18. Learned counsel for the parties before us, did not dispute that there have been more than a dozen circulars/notifi-cations/directions issued by the Reserve Bank of India, which deal with the subject of rate of interest to be charged from the landlords loanees and the manner of its calculation. A critical examination and application of those circulars was necessary to decide the complaint filed by the respondents against the appell-ant bank, which unfortunately the learned Ombudsman did not do. Since, an Ombudsman is appointed by virtue of the Scheme framed under Section 35 A of the Banking Regulation Act, 1949, he is obliged to comply with the directions/circulars and notifications issued by the Reserve Bank of India under Section 35 or 21 of the Act. He is also required to issue directions to Banks, based on those directions/circulars and ensure their compliance. The learned Ombudsman could not have ignored the circulars and direc-tions while dealing with the complaint filed by the respondent. The impugned award having been made ignoring various circu-lars/directions issued by the Reserve Bank of India, the same cannot be sustained. It is therefore, appropriate that we set aside the impugned award dated 26.2.1997 and remit the complaint to the learned Ombudsman (Hyderabad) for its fresh disposal in the light of the circulars/directions issued by the Reserve Bank of India with regard to charging of rate of interest from the landlord loanees, whose buildings are taken on lease/rent by the concerned bank and calculating the interest at quarterly rests. Accordingly, this appeal succeeds and is allowed. The complaint is remanded to the learned Banking Ombudsman, Hyderabad, for its fresh disposal in the light of the observations made hereinabove.
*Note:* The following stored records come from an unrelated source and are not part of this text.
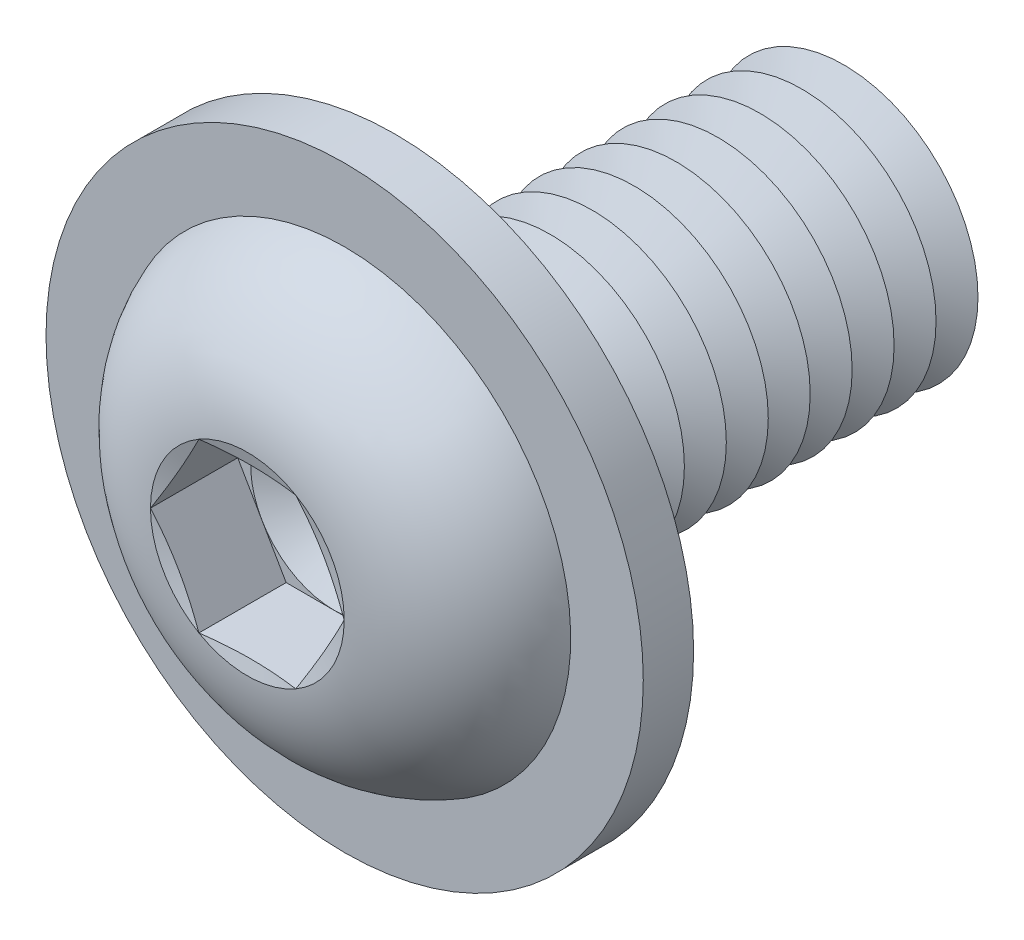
from build123d import *

# Parameters (mm, degrees)
FILLET1_R           = 0.625
LPATTERN1_COUNT     = 11
LPATTERN1_PITCH     = 1.25
CUT_EXTRUDE1_DEPTH  = 2.6
SKETCH5_R           = 8.9
SKETCH5_R_2         = 4.625
BOSS_EXTRUDE1_DEPTH = 1.5


with BuildPart() as part:
    # Sketch1 → Revolve1 (revolve)
    with BuildSketch(Plane(origin=(0, 0, 0), x_dir=(0, 0, -1), z_dir=(1, 0, 0)), mode=Mode.PRIVATE) as revolve1_sk:
        with BuildLine():
            Line((0, 4), (0, 7))
            ThreePointArc((0, 7), (-3.011595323, 5.81154966), (-4.4, 2.88675))
            Line((-4.4, 2.88675), (-4.013248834, 1.443375))
            Line((-4.013248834, 1.443375), (-4.4, 1.443375))
            Line((-4.4, 1.443375), (-4.4, 0))
            Line((-4.4, 0), (14, 0))
            Line((14, 0), (14, 4))
            Line((14, 4), (0, 4))
        make_face()
    revolve(revolve1_sk.sketch.rotate(Axis((0, 0, -14), (0, 0, 1)), 90), axis=Axis((0, 0, -14), (0, 0, 1)))

    # Fillet1
    fillet1_edges = [part.edges().sort_by_distance(p)[0] for p in [
        (4, 0, 0),
    ]]
    fillet(fillet1_edges, radius=FILLET1_R)

    # Sketch2 → Cut-Revolve1 (revolve, cut)
    with BuildSketch(Plane(origin=(0, 0, 0), x_dir=(0, 0, -1), z_dir=(1, 0, 0)), mode=Mode.PRIVATE) as cut_revolve1_sk:
        Polygon((13.375, 4), (14.625, 4), (14, 2.917468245), align=None)
    cut_revolve1 = revolve(cut_revolve1_sk.sketch.rotate(Axis((0, 0, -14), (0, 0, -1)), 270), axis=Axis((0, 0, -14), (0, 0, -1)), mode=Mode.SUBTRACT)

    # LPattern1: Cut-Revolve1 ×11
    with Locations(*[(0, 0, i * LPATTERN1_PITCH) for i in range(1, LPATTERN1_COUNT)]):
        add(cut_revolve1, mode=Mode.SUBTRACT)

    # Sketch3 → Cut-Extrude1 (cut)
    with BuildSketch(Plane.XY.offset(4.4)):
        Polygon((1.443375, 2.499998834), (-1.443375, 2.499998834), (-2.88675, 0), (-1.443375, -2.499998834), (1.443375, -2.499998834), (2.88675, 0), align=None)
    extrude(amount=-CUT_EXTRUDE1_DEPTH, mode=Mode.SUBTRACT)

    # Cut-Extrude2 cone 1 section (on through the dimple's axis) → Cut-Extrude2 (revolve, cut)
    with BuildSketch(Plane(origin=(0, 0, 1.8), x_dir=(0, -1, 0), z_dir=(1, 0, 0))):
        Polygon((0, 0), (2.499998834, 0), (0, 1.443375), align=None)
    revolve(axis=Axis((0, 0, 1.8), (0, 0, -1)), mode=Mode.SUBTRACT)

    # Sketch5 → Boss-Extrude1 (add)
    with BuildSketch(Plane(origin=(0, 0, 0), x_dir=(-1, 0, 0), z_dir=(0, 0, -1))):
        with Locations(Location((0, 0, 0), (0, 0, 90))):
            Circle(SKETCH5_R)
        Circle(SKETCH5_R_2, mode=Mode.SUBTRACT)
    extrude(amount=-BOSS_EXTRUDE1_DEPTH)


solid = part.part

19. Since, we are remanding the complaint for its fresh disposal on merits, we have refrained from expressing any opinion on the effect of various circulars/directions and notifications issued by the Reserve Bank of India on the subject under consideration. In case the circulars/directions/ notifications were not placed before the learned Ombudsman earlier, the same shall be permitted to be brought on the record by the learned Ombudsman and the parties given an opportunity to have their say in regard thereto.
20. The appeal is disposed of in above terms. No costs.